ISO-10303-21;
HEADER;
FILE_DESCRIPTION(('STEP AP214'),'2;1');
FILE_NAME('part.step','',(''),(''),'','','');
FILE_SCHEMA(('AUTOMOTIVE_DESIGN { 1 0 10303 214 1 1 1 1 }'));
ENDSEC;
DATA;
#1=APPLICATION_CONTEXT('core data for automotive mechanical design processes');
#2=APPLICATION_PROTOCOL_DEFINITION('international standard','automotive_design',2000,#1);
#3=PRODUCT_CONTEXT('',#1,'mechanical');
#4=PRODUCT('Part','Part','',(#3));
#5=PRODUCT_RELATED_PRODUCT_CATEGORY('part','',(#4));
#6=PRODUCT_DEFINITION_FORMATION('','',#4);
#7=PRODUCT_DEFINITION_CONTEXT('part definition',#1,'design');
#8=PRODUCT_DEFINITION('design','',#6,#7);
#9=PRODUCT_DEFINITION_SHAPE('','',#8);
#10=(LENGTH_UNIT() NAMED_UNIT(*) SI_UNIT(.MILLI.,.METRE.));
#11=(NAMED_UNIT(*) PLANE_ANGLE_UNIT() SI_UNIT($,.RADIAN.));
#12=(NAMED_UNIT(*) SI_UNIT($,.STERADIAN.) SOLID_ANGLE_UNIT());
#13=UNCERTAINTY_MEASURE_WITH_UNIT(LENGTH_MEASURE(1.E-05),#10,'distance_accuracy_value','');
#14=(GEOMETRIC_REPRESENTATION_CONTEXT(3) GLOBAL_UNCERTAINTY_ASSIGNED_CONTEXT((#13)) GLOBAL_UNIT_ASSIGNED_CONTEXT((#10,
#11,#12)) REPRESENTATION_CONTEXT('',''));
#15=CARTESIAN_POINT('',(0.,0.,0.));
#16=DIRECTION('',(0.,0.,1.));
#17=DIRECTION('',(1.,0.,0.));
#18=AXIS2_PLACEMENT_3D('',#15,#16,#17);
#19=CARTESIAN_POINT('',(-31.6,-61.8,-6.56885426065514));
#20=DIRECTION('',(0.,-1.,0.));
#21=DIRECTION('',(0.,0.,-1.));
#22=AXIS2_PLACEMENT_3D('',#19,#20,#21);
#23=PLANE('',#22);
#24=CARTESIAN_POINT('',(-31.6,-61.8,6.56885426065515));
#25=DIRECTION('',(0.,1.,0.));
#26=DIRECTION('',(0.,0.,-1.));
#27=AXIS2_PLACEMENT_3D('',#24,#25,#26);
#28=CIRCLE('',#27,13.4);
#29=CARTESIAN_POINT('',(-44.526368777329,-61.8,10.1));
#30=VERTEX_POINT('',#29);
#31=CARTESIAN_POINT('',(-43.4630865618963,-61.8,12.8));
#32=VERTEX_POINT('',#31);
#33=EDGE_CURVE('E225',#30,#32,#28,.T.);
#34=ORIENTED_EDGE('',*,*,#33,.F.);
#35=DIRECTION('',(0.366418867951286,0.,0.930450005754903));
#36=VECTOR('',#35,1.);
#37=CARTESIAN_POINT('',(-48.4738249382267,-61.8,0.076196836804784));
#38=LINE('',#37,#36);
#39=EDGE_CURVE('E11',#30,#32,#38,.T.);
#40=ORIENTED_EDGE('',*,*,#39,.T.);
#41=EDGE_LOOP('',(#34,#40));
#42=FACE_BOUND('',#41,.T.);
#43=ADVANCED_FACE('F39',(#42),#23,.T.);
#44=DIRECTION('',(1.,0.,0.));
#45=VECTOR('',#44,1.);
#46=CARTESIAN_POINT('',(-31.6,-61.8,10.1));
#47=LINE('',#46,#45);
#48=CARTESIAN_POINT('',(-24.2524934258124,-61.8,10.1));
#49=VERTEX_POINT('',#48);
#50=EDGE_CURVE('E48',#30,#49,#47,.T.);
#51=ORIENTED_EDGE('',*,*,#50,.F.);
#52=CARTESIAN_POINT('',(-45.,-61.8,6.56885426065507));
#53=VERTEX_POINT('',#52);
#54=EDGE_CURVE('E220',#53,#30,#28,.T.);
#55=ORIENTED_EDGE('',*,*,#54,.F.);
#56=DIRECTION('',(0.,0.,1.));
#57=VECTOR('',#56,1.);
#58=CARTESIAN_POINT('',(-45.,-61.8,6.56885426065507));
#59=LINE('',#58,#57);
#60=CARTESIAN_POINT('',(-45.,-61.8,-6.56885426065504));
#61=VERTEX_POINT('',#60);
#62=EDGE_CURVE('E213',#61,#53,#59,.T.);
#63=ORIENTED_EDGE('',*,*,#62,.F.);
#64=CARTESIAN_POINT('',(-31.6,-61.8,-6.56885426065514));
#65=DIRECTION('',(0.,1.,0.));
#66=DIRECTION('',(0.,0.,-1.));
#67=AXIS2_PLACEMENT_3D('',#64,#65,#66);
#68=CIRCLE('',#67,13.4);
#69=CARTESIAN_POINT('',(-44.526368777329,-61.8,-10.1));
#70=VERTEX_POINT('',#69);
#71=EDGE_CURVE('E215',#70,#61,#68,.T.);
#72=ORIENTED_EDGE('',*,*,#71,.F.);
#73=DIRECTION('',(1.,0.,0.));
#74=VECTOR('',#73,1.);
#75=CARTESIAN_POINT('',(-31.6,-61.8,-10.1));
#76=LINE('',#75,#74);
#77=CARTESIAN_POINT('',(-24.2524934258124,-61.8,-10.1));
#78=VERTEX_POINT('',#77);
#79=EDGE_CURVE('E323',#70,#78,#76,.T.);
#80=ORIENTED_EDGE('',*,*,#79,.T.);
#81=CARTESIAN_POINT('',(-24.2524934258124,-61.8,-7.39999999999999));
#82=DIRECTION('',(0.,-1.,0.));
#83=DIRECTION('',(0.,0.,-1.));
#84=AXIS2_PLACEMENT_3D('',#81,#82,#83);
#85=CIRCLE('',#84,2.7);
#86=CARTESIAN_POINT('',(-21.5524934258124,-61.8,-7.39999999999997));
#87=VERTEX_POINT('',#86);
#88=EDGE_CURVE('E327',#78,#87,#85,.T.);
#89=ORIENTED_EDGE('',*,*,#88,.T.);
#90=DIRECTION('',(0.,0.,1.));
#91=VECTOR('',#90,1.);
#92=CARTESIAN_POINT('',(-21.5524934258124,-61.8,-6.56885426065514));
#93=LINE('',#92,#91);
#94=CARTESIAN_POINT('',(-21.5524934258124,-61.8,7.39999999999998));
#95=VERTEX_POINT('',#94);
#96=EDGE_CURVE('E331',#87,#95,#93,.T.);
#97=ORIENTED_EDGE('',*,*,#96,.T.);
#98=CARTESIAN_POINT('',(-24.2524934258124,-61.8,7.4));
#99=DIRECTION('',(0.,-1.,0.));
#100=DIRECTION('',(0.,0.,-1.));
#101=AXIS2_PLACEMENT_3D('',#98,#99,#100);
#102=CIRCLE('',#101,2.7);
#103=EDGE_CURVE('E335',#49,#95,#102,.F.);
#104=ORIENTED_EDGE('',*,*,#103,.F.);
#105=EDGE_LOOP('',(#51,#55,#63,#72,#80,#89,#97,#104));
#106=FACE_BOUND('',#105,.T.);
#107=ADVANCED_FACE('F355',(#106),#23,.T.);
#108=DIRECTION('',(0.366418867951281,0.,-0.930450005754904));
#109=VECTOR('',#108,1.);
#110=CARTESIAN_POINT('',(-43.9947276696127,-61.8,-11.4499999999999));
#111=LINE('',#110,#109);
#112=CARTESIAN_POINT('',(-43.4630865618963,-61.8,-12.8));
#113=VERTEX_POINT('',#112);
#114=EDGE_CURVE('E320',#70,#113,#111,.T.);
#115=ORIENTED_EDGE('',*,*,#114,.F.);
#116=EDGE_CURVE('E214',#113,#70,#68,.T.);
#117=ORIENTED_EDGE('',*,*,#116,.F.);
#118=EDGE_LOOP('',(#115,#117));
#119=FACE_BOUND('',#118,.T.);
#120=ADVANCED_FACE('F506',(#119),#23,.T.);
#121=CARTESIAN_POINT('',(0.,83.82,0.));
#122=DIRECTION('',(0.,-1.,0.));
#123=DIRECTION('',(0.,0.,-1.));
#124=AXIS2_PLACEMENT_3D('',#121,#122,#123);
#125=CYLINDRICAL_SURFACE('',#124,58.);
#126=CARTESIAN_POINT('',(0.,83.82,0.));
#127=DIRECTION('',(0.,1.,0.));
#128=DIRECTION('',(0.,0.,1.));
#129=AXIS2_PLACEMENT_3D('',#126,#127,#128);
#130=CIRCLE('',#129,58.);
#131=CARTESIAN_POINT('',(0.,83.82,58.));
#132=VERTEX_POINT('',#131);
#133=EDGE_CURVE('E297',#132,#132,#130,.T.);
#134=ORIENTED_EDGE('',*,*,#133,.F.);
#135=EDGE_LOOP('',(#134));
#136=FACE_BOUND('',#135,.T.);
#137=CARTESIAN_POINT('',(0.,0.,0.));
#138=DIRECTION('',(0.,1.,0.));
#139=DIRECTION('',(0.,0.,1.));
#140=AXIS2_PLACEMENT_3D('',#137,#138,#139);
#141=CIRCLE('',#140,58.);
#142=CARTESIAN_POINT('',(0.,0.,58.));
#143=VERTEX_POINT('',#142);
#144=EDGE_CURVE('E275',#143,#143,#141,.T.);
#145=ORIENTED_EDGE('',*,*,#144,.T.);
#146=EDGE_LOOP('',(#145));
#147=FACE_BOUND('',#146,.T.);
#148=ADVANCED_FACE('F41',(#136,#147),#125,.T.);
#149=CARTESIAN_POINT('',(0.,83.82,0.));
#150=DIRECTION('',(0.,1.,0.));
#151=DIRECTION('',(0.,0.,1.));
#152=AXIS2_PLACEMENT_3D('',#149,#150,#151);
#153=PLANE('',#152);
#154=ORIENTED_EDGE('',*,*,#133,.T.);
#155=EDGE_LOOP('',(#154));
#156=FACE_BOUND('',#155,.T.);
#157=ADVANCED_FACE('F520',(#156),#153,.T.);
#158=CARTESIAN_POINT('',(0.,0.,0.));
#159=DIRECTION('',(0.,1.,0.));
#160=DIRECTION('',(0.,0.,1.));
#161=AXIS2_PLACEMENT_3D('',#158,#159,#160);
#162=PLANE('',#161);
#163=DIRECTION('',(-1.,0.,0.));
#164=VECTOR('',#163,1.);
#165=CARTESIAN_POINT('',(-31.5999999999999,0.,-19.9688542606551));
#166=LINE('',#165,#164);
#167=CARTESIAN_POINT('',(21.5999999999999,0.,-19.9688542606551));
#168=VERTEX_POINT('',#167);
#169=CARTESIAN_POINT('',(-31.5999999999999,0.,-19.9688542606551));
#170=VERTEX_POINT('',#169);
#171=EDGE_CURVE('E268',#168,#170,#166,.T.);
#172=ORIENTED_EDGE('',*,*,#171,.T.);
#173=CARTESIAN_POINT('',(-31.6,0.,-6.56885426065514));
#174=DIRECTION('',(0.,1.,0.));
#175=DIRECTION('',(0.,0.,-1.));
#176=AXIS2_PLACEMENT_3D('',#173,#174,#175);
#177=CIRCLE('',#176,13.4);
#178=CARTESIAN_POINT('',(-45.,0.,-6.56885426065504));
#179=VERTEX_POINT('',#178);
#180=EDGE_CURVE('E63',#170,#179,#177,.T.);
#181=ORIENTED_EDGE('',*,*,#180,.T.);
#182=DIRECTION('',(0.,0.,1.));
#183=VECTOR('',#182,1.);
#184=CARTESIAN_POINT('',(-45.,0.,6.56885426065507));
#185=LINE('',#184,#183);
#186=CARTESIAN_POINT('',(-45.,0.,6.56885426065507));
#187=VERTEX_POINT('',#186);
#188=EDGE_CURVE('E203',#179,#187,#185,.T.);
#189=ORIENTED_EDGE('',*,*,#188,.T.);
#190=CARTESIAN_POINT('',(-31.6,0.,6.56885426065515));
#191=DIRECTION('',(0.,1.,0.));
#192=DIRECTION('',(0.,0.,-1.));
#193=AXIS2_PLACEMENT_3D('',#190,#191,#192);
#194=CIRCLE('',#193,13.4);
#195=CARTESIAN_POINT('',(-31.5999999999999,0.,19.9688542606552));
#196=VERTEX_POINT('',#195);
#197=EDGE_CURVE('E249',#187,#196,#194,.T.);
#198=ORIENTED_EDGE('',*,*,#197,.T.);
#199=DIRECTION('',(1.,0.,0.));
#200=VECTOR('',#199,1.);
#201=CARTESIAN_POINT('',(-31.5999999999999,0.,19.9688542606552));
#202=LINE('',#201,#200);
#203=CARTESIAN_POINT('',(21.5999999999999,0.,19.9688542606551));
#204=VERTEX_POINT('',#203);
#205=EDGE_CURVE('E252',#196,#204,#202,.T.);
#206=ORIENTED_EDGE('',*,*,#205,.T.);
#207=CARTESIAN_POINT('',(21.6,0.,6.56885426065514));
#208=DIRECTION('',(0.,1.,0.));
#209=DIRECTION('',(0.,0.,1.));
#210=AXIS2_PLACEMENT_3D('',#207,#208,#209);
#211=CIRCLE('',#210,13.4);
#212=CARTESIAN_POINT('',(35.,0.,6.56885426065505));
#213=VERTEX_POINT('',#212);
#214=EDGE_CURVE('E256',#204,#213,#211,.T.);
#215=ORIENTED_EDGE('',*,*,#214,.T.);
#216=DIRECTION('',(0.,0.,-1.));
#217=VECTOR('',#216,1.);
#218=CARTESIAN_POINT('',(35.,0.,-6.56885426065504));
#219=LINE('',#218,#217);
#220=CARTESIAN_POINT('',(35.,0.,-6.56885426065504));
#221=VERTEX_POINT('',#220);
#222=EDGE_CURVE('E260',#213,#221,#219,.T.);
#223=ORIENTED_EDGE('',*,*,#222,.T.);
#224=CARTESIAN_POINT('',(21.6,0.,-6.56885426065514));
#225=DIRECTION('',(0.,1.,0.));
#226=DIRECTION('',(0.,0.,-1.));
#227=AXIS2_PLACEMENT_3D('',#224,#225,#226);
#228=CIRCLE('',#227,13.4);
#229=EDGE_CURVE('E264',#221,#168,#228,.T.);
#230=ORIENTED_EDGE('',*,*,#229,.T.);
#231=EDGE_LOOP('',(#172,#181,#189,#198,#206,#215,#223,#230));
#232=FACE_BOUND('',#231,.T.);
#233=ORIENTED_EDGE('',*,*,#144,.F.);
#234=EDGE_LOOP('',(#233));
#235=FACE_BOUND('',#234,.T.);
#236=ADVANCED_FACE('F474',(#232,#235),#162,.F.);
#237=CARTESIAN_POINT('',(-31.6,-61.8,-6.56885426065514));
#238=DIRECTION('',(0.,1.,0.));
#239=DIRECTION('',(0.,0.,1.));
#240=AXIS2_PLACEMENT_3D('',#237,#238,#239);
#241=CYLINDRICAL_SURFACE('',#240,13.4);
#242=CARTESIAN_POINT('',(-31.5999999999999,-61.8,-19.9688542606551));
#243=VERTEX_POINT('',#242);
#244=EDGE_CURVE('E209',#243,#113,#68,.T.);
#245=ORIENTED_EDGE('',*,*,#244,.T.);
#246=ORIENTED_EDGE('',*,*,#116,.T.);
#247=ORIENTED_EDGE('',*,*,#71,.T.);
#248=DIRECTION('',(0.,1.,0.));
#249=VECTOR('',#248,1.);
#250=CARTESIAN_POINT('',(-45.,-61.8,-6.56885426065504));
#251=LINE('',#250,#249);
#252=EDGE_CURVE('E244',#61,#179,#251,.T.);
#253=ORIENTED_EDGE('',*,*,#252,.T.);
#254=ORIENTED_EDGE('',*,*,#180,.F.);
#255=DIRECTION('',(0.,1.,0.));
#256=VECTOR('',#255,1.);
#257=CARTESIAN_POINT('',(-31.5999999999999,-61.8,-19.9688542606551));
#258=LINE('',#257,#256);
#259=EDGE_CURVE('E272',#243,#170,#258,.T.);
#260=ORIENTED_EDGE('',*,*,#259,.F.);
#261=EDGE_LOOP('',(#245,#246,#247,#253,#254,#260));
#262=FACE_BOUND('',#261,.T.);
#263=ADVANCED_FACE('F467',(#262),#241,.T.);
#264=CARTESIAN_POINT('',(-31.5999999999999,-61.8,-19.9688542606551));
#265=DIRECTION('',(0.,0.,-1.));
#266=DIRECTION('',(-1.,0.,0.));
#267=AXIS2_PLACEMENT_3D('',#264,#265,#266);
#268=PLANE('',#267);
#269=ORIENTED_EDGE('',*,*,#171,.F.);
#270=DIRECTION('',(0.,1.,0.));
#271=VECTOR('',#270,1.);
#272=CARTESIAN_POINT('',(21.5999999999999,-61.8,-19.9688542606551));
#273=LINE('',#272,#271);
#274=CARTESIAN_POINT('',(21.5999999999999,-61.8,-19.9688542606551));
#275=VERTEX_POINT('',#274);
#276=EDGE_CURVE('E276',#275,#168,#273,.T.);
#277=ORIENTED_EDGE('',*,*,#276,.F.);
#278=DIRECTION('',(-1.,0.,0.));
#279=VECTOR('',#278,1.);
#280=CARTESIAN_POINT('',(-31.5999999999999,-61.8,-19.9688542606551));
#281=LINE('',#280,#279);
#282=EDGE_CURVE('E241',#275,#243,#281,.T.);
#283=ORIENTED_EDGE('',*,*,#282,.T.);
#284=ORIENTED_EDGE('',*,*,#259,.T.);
=======
*Task:*
I'd like an exact copy of the lines above, from the very first one through the line that contains "#9=PRODUCT_DEFINITION_SHAPE('','',#8);", with nothing else added.

*Task answer:*
ISO-10303-21;
HEADER;
FILE_DESCRIPTION(('STEP AP214'),'2;1');
FILE_NAME('part.step','',(''),(''),'','','');
FILE_SCHEMA(('AUTOMOTIVE_DESIGN { 1 0 10303 214 1 1 1 1 }'));
ENDSEC;
DATA;
#1=APPLICATION_CONTEXT('core data for automotive mechanical design processes');
#2=APPLICATION_PROTOCOL_DEFINITION('international standard','automotive_design',2000,#1);
#3=PRODUCT_CONTEXT('',#1,'mechanical');
#4=PRODUCT('Part','Part','',(#3));
#5=PRODUCT_RELATED_PRODUCT_CATEGORY('part','',(#4));
#6=PRODUCT_DEFINITION_FORMATION('','',#4);
#7=PRODUCT_DEFINITION_CONTEXT('part definition',#1,'design');
#8=PRODUCT_DEFINITION('design','',#6,#7);
#9=PRODUCT_DEFINITION_SHAPE('','',#8);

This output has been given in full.